* [ABOUT THIS TASK]
Set down exactly the lines below, starting at the one that contains "#144=EDGE_LOOP('',(#143));" and ending at the one that contains "#178=ADVANCED_FACE('F63',(#174,#177),#171,.F.);", with both of those lines included and nothing else.

START RAW DATA

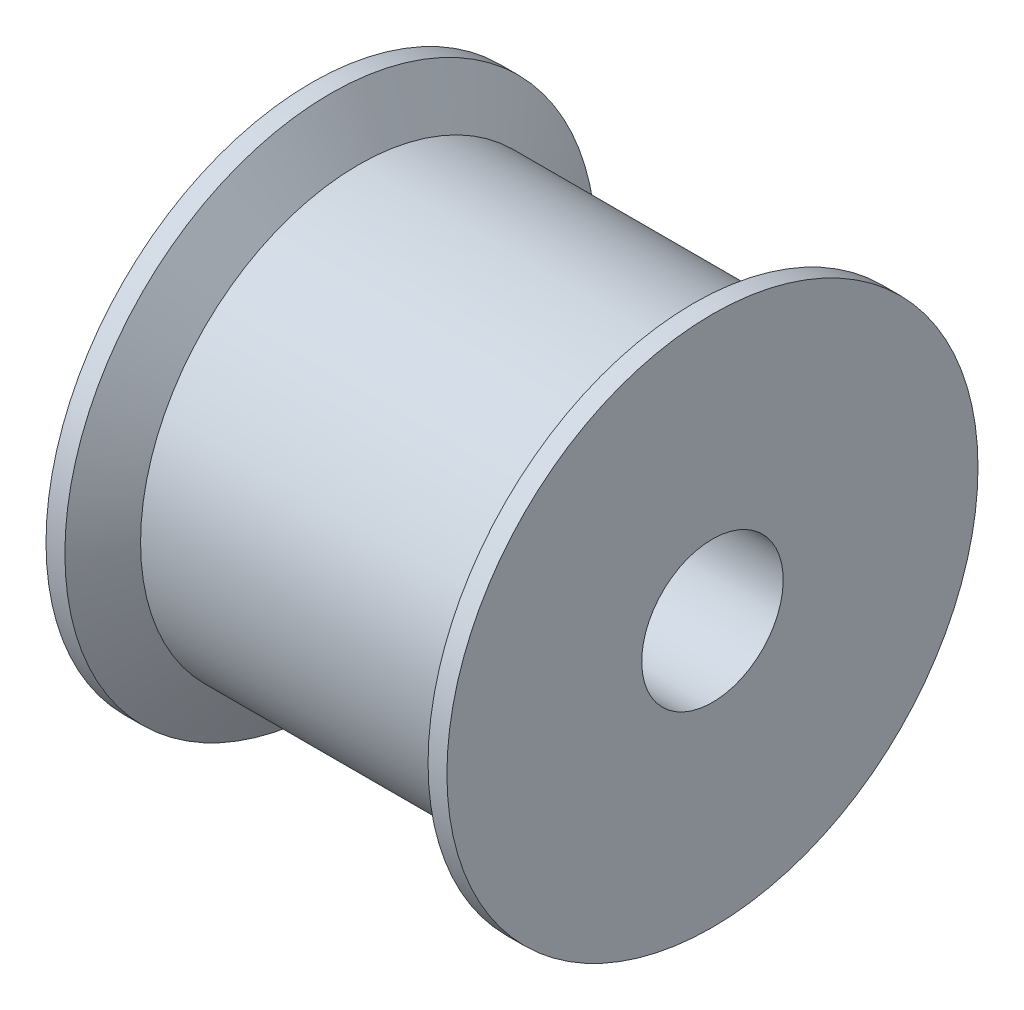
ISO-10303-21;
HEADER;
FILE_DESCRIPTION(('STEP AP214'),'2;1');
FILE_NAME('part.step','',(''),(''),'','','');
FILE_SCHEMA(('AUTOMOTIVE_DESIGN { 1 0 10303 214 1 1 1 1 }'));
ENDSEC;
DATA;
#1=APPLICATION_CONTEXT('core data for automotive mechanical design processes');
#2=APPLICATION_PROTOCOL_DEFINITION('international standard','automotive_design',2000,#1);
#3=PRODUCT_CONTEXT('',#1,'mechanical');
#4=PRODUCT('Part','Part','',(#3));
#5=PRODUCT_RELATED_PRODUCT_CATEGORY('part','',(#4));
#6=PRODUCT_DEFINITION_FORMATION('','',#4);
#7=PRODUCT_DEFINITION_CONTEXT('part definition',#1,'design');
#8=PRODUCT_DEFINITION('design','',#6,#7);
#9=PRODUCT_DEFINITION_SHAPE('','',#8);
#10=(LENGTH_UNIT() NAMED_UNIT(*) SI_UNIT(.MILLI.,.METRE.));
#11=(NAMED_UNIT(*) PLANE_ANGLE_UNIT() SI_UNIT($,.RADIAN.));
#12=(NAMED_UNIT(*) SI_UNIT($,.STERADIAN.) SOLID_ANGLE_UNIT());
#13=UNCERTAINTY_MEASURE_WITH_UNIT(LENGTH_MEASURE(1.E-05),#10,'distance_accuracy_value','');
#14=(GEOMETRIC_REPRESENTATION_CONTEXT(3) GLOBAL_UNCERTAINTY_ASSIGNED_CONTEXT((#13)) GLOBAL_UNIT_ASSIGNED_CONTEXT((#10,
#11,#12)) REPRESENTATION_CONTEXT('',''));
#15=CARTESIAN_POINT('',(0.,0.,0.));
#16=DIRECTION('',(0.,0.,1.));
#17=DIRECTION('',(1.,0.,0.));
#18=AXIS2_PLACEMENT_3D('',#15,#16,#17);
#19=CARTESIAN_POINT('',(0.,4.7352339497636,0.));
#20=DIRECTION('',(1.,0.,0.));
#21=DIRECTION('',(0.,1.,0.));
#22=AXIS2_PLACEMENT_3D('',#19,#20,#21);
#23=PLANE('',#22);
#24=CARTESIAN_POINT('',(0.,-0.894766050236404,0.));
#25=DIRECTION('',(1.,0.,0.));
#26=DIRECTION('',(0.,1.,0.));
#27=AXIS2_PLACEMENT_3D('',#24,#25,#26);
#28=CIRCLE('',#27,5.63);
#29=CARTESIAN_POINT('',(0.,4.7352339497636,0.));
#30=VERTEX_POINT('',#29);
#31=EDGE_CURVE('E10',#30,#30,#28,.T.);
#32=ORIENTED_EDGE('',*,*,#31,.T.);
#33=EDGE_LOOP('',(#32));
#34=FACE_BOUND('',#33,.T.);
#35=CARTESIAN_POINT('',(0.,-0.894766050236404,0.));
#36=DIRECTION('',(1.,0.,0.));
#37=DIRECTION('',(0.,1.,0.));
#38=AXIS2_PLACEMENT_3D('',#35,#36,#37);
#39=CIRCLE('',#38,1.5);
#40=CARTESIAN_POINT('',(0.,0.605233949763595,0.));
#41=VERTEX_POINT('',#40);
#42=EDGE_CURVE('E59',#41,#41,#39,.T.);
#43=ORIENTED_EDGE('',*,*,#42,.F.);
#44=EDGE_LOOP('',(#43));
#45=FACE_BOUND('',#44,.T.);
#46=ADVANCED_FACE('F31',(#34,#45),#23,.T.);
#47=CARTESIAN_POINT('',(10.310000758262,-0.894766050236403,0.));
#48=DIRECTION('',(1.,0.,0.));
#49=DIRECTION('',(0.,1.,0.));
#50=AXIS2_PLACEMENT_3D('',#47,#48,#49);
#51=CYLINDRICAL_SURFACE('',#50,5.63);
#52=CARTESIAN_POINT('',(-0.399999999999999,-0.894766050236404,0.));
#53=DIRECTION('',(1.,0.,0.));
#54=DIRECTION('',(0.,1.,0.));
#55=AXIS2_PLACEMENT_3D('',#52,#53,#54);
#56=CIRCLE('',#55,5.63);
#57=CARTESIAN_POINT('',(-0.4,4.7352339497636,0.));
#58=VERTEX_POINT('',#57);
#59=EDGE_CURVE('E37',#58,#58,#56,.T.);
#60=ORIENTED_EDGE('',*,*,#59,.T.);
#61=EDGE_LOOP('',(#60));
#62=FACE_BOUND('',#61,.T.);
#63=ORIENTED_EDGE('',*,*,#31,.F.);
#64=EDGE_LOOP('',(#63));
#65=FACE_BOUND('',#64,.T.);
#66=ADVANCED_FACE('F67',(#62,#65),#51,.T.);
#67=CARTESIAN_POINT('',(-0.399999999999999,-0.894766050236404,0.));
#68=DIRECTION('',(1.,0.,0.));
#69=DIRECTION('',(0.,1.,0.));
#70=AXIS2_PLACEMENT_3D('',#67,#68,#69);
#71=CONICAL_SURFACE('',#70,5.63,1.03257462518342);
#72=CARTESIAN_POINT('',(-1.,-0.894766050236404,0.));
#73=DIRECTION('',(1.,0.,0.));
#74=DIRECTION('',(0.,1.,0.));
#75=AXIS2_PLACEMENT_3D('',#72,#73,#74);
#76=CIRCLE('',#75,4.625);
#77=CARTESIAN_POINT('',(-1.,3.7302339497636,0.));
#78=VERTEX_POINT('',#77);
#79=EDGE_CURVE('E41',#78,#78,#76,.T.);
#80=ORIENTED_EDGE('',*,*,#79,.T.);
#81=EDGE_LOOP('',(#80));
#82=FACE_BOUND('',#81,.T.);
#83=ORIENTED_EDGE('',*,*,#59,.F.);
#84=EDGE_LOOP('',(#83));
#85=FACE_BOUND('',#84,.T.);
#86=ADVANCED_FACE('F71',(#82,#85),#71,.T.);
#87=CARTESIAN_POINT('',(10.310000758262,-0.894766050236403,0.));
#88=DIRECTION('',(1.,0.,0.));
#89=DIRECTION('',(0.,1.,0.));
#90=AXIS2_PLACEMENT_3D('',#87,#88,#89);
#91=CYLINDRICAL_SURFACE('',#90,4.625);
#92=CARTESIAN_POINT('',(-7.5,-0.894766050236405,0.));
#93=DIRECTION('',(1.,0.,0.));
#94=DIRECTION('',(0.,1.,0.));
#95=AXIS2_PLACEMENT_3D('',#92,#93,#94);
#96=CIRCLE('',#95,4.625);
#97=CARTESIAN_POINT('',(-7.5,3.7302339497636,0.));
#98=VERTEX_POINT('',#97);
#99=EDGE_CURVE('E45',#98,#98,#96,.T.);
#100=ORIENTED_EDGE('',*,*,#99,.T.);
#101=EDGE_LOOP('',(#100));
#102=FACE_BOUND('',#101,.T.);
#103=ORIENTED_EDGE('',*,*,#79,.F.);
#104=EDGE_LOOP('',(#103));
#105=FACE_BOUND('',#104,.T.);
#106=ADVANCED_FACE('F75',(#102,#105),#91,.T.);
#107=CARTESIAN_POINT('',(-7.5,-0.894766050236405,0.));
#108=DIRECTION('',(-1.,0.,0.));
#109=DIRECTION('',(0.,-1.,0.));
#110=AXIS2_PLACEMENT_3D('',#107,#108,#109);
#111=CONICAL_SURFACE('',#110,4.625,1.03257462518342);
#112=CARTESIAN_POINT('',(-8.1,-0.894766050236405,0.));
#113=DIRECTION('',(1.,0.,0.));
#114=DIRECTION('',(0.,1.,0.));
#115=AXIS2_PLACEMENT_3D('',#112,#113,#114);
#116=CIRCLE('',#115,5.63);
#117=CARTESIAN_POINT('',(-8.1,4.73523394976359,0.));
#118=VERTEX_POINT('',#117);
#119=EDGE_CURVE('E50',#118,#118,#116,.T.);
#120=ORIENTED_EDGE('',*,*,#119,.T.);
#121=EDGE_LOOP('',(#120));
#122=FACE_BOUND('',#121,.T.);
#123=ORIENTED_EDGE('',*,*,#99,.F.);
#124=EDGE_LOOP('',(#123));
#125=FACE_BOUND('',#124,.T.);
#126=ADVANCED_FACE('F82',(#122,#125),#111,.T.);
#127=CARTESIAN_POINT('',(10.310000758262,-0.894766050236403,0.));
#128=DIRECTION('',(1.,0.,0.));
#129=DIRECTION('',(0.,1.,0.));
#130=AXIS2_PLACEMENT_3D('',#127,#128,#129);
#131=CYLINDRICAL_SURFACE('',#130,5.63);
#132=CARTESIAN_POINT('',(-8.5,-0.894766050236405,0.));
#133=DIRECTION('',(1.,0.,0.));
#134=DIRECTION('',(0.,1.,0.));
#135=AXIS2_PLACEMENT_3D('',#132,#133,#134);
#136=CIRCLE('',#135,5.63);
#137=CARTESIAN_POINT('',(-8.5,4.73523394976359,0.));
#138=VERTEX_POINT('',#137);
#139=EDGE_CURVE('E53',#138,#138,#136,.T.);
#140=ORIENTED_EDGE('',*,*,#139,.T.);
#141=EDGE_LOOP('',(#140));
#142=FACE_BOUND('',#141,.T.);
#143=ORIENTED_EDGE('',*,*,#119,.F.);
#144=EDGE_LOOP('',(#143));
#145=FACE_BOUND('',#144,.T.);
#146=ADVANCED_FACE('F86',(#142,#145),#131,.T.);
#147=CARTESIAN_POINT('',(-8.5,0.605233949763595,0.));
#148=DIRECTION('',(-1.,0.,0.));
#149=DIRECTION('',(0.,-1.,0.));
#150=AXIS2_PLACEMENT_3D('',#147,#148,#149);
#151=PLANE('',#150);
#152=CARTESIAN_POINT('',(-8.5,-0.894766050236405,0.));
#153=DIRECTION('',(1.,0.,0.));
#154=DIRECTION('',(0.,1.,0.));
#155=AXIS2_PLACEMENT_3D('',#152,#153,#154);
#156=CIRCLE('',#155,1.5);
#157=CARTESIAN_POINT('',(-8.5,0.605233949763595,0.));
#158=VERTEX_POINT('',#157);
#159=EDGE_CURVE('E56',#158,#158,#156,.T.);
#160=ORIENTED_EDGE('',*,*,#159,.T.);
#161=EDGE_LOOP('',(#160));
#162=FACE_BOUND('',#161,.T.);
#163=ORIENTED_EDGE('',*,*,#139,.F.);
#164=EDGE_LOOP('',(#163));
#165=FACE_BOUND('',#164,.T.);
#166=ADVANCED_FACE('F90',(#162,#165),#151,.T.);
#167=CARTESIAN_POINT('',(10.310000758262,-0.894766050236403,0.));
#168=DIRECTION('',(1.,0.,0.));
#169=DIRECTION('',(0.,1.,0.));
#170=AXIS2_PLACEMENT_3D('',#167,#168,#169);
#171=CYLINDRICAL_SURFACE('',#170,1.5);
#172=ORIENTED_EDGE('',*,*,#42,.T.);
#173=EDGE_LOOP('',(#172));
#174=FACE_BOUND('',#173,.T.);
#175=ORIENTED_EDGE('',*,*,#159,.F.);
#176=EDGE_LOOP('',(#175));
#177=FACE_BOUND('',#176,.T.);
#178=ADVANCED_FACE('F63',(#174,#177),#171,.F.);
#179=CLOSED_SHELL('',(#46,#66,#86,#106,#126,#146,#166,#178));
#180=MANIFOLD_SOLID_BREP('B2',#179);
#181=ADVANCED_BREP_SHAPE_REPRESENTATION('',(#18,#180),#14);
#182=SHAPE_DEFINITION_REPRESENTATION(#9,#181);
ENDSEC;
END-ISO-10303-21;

END RAW DATA

* [REPLY]
#144=EDGE_LOOP('',(#143));
#145=FACE_BOUND('',#144,.T.);
#146=ADVANCED_FACE('F86',(#142,#145),#131,.T.);
#147=CARTESIAN_POINT('',(-8.5,0.605233949763595,0.));
#148=DIRECTION('',(-1.,0.,0.));
#149=DIRECTION('',(0.,-1.,0.));
#150=AXIS2_PLACEMENT_3D('',#147,#148,#149);
#151=PLANE('',#150);
#152=CARTESIAN_POINT('',(-8.5,-0.894766050236405,0.));
#153=DIRECTION('',(1.,0.,0.));
#154=DIRECTION('',(0.,1.,0.));
#155=AXIS2_PLACEMENT_3D('',#152,#153,#154);
#156=CIRCLE('',#155,1.5);
#157=CARTESIAN_POINT('',(-8.5,0.605233949763595,0.));
#158=VERTEX_POINT('',#157);
#159=EDGE_CURVE('E56',#158,#158,#156,.T.);
#160=ORIENTED_EDGE('',*,*,#159,.T.);
#161=EDGE_LOOP('',(#160));
#162=FACE_BOUND('',#161,.T.);
#163=ORIENTED_EDGE('',*,*,#139,.F.);
#164=EDGE_LOOP('',(#163));
#165=FACE_BOUND('',#164,.T.);
#166=ADVANCED_FACE('F90',(#162,#165),#151,.T.);
#167=CARTESIAN_POINT('',(10.310000758262,-0.894766050236403,0.));
#168=DIRECTION('',(1.,0.,0.));
#169=DIRECTION('',(0.,1.,0.));
#170=AXIS2_PLACEMENT_3D('',#167,#168,#169);
#171=CYLINDRICAL_SURFACE('',#170,1.5);
#172=ORIENTED_EDGE('',*,*,#42,.T.);
#173=EDGE_LOOP('',(#172));
#174=FACE_BOUND('',#173,.T.);
#175=ORIENTED_EDGE('',*,*,#159,.F.);
#176=EDGE_LOOP('',(#175));
#177=FACE_BOUND('',#176,.T.);
#178=ADVANCED_FACE('F63',(#174,#177),#171,.F.);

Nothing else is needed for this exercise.